| ASSIGNED TASK |
Which lines of the data below contain "exitPerimeter"? Please show them all.

Stored records
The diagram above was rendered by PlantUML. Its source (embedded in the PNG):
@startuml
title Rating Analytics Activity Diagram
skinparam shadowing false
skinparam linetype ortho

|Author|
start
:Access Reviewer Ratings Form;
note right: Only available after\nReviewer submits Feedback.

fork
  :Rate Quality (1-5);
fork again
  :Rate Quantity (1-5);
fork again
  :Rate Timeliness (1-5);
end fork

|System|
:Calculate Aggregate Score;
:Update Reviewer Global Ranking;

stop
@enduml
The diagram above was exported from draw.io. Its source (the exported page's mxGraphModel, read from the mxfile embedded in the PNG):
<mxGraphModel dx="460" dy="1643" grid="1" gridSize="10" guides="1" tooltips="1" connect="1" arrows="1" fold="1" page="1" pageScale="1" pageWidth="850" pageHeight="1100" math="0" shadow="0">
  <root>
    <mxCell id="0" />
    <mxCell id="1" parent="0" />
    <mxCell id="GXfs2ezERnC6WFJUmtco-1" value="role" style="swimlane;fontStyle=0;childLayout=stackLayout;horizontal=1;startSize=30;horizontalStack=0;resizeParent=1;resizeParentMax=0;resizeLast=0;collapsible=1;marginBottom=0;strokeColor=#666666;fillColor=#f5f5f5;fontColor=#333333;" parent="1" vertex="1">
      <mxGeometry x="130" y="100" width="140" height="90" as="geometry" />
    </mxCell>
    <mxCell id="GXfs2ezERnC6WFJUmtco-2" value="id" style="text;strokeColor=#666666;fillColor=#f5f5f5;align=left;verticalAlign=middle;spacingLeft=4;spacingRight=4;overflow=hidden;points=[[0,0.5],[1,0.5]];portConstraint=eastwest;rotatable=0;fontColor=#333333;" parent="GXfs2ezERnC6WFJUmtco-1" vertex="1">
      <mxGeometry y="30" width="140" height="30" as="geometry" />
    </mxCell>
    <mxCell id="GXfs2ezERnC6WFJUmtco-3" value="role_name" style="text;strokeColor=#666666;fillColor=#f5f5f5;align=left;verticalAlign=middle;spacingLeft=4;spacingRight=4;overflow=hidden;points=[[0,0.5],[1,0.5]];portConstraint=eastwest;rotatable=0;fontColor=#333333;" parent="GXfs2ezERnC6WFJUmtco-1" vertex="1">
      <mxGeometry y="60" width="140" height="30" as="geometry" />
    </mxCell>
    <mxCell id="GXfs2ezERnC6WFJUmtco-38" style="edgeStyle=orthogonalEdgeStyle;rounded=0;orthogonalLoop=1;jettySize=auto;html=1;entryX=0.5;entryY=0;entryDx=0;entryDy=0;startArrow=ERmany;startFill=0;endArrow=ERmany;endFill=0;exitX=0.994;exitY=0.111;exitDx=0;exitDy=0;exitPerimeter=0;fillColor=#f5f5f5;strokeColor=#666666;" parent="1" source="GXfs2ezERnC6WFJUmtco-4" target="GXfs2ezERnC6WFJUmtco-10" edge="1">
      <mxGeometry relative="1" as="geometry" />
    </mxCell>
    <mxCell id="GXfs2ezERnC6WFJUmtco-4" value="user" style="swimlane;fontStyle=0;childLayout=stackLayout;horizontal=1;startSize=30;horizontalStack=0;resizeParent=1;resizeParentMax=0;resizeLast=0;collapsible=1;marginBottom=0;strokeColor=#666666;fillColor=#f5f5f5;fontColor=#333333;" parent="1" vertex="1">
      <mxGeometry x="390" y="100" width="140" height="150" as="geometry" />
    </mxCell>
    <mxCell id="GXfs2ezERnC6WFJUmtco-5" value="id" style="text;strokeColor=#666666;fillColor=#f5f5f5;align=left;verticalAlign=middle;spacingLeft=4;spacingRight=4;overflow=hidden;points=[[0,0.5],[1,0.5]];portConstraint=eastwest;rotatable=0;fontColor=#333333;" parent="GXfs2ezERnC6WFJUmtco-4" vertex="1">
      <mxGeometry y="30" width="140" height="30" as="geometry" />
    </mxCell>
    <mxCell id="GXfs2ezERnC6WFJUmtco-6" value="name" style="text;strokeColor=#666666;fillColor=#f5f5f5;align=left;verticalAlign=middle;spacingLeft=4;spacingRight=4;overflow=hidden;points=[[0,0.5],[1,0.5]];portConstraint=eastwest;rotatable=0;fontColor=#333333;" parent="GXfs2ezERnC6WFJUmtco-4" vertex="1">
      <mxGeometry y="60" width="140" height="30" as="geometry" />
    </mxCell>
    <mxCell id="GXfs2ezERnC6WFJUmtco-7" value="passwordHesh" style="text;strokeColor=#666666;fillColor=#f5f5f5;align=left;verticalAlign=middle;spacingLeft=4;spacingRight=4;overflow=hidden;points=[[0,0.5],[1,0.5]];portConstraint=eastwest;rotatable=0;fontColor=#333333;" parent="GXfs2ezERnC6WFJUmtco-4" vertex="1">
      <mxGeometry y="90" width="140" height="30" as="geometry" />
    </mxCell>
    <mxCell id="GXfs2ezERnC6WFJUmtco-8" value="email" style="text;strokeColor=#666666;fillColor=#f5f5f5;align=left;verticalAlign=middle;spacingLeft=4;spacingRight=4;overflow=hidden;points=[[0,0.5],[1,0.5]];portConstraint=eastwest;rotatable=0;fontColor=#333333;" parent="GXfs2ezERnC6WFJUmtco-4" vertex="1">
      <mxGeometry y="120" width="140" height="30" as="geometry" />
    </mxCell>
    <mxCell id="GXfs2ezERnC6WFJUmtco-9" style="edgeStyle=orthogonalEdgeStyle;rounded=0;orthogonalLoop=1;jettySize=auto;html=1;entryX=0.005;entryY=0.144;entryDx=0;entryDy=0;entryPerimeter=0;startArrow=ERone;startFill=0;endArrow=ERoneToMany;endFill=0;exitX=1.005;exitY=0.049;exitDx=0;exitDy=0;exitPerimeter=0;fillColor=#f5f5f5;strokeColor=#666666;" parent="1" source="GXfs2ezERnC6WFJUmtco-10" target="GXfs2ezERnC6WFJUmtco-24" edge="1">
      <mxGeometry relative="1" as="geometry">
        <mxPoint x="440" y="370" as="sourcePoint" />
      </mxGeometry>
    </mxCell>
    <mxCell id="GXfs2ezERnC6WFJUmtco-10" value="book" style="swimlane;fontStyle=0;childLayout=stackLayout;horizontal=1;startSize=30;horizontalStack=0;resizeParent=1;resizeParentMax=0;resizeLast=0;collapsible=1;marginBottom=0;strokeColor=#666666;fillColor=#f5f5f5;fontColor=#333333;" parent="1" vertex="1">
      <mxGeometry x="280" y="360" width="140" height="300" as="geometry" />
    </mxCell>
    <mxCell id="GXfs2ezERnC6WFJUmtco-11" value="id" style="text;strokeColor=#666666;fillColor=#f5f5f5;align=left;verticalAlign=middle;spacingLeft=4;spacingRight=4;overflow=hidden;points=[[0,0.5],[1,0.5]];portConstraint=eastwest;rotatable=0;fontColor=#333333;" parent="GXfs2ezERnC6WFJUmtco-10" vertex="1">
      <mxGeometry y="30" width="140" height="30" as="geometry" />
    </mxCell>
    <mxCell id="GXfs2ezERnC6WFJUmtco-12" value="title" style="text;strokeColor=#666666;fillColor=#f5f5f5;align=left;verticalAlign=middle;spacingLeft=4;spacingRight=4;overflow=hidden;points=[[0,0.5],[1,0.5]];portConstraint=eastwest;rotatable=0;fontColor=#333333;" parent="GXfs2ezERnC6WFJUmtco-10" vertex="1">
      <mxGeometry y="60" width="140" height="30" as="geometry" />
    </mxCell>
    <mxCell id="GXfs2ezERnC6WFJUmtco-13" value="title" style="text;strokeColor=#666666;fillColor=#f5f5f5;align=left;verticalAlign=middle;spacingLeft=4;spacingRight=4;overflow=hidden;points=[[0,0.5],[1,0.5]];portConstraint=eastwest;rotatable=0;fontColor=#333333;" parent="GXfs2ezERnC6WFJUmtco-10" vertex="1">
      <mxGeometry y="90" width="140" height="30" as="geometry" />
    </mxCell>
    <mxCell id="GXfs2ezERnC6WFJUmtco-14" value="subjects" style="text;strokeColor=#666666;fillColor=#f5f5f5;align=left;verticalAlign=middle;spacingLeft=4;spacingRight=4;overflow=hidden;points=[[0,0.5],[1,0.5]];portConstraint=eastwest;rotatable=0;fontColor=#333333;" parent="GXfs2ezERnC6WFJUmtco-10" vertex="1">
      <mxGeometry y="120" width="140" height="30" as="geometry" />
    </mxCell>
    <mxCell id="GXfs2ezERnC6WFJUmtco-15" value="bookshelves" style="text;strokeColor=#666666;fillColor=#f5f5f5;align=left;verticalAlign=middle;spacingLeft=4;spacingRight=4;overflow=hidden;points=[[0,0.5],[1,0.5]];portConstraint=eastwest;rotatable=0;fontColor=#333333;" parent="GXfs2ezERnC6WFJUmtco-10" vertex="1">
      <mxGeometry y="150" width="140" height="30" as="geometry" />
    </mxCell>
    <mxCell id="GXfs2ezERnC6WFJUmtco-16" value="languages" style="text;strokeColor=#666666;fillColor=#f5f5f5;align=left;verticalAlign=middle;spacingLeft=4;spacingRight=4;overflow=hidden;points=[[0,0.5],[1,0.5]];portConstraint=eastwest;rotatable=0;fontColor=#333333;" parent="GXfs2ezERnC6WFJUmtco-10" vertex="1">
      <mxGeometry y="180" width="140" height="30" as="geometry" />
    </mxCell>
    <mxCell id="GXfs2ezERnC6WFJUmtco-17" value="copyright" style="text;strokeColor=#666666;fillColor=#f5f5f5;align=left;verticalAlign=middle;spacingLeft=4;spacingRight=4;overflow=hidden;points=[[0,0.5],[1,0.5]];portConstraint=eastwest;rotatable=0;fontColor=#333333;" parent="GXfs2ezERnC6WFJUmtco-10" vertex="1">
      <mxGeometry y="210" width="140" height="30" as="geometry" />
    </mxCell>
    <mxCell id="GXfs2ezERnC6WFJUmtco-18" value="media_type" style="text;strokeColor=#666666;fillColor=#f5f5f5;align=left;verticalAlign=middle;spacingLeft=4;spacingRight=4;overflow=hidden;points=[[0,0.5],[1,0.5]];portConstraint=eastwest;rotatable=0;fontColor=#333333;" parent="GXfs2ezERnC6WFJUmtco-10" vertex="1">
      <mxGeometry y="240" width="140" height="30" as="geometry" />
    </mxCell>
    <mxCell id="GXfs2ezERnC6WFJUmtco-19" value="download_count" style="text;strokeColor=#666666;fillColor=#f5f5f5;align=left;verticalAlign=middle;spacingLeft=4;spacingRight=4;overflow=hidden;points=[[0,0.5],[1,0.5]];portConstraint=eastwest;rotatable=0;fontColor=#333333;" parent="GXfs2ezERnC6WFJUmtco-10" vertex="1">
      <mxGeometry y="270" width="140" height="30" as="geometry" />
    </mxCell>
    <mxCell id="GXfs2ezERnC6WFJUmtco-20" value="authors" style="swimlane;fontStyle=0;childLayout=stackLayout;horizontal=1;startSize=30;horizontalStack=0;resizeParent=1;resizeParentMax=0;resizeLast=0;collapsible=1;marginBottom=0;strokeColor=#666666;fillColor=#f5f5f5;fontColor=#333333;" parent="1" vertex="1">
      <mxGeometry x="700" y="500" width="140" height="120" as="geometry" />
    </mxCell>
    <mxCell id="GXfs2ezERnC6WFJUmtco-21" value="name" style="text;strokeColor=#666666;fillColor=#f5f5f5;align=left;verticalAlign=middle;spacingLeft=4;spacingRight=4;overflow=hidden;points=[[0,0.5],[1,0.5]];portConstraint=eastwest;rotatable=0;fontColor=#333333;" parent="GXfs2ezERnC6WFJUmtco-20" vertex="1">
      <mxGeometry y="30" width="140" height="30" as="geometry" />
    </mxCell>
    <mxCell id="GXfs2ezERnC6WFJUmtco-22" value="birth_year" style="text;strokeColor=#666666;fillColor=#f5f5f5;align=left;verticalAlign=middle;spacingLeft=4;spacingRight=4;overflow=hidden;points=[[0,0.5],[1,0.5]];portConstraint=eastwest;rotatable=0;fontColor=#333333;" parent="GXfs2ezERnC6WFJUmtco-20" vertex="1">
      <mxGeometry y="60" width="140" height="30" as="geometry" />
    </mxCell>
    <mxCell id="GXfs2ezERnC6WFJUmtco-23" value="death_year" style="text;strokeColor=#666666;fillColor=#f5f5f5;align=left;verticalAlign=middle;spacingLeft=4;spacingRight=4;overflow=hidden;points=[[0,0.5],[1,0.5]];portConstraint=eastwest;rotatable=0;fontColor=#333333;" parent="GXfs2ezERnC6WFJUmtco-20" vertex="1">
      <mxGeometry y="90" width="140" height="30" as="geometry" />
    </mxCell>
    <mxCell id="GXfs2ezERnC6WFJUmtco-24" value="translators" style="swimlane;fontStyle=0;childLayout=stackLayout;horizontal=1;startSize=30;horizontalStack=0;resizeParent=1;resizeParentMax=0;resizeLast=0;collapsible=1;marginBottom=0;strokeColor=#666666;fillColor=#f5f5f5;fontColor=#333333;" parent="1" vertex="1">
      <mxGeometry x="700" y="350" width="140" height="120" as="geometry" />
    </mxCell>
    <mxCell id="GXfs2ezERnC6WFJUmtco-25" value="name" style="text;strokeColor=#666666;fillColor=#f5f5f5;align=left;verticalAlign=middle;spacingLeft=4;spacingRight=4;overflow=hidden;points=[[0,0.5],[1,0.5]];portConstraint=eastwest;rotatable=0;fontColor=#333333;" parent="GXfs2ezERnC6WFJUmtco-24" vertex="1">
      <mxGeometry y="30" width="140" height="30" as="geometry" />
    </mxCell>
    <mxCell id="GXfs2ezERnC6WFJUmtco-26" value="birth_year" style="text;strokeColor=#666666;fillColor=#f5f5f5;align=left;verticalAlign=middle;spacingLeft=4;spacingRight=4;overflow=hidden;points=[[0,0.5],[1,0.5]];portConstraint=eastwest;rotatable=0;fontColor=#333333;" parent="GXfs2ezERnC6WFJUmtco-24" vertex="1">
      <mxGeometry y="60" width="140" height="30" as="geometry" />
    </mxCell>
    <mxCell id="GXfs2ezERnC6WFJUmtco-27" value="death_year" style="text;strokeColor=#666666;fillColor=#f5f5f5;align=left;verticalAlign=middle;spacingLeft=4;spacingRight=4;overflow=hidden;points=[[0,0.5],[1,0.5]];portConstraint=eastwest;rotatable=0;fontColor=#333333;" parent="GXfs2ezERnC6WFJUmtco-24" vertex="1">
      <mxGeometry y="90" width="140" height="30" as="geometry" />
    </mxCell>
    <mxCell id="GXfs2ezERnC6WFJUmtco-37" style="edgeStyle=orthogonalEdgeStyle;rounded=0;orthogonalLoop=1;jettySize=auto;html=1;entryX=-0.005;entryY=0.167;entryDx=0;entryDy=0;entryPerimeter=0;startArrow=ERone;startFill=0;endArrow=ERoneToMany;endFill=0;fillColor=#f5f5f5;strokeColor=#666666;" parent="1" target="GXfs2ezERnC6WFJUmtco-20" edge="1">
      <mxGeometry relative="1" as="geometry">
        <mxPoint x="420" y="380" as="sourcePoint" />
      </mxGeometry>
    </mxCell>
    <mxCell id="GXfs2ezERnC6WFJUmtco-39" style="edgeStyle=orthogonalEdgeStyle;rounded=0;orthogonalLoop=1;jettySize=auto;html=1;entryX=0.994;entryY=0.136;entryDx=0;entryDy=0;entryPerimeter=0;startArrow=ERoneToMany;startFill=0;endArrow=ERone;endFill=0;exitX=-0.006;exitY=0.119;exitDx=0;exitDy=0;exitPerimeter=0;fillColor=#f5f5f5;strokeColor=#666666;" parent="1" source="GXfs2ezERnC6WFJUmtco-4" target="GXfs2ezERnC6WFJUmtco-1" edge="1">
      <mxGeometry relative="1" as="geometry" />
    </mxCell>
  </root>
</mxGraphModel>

| RESPONSE BELOW |
    <mxCell id="GXfs2ezERnC6WFJUmtco-38" style="edgeStyle=orthogonalEdgeStyle;rounded=0;orthogonalLoop=1;jettySize=auto;html=1;entryX=0.5;entryY=0;entryDx=0;entryDy=0;startArrow=ERmany;startFill=0;endArrow=ERmany;endFill=0;exitX=0.994;exitY=0.111;exitDx=0;exitDy=0;exitPerimeter=0;fillColor=#f5f5f5;strokeColor=#666666;" parent="1" source="GXfs2ezERnC6WFJUmtco-4" target="GXfs2ezERnC6WFJUmtco-10" edge="1">
    <mxCell id="GXfs2ezERnC6WFJUmtco-9" style="edgeStyle=orthogonalEdgeStyle;rounded=0;orthogonalLoop=1;jettySize=auto;html=1;entryX=0.005;entryY=0.144;entryDx=0;entryDy=0;entryPerimeter=0;startArrow=ERone;startFill=0;endArrow=ERoneToMany;endFill=0;exitX=1.005;exitY=0.049;exitDx=0;exitDy=0;exitPerimeter=0;fillColor=#f5f5f5;strokeColor=#666666;" parent="1" source="GXfs2ezERnC6WFJUmtco-10" target="GXfs2ezERnC6WFJUmtco-24" edge="1">
    <mxCell id="GXfs2ezERnC6WFJUmtco-39" style="edgeStyle=orthogonalEdgeStyle;rounded=0;orthogonalLoop=1;jettySize=auto;html=1;entryX=0.994;entryY=0.136;entryDx=0;entryDy=0;entryPerimeter=0;startArrow=ERoneToMany;startFill=0;endArrow=ERone;endFill=0;exitX=-0.006;exitY=0.119;exitDx=0;exitDy=0;exitPerimeter=0;fillColor=#f5f5f5;strokeColor=#666666;" parent="1" source="GXfs2ezERnC6WFJUmtco-4" target="GXfs2ezERnC6WFJUmtco-1" edge="1">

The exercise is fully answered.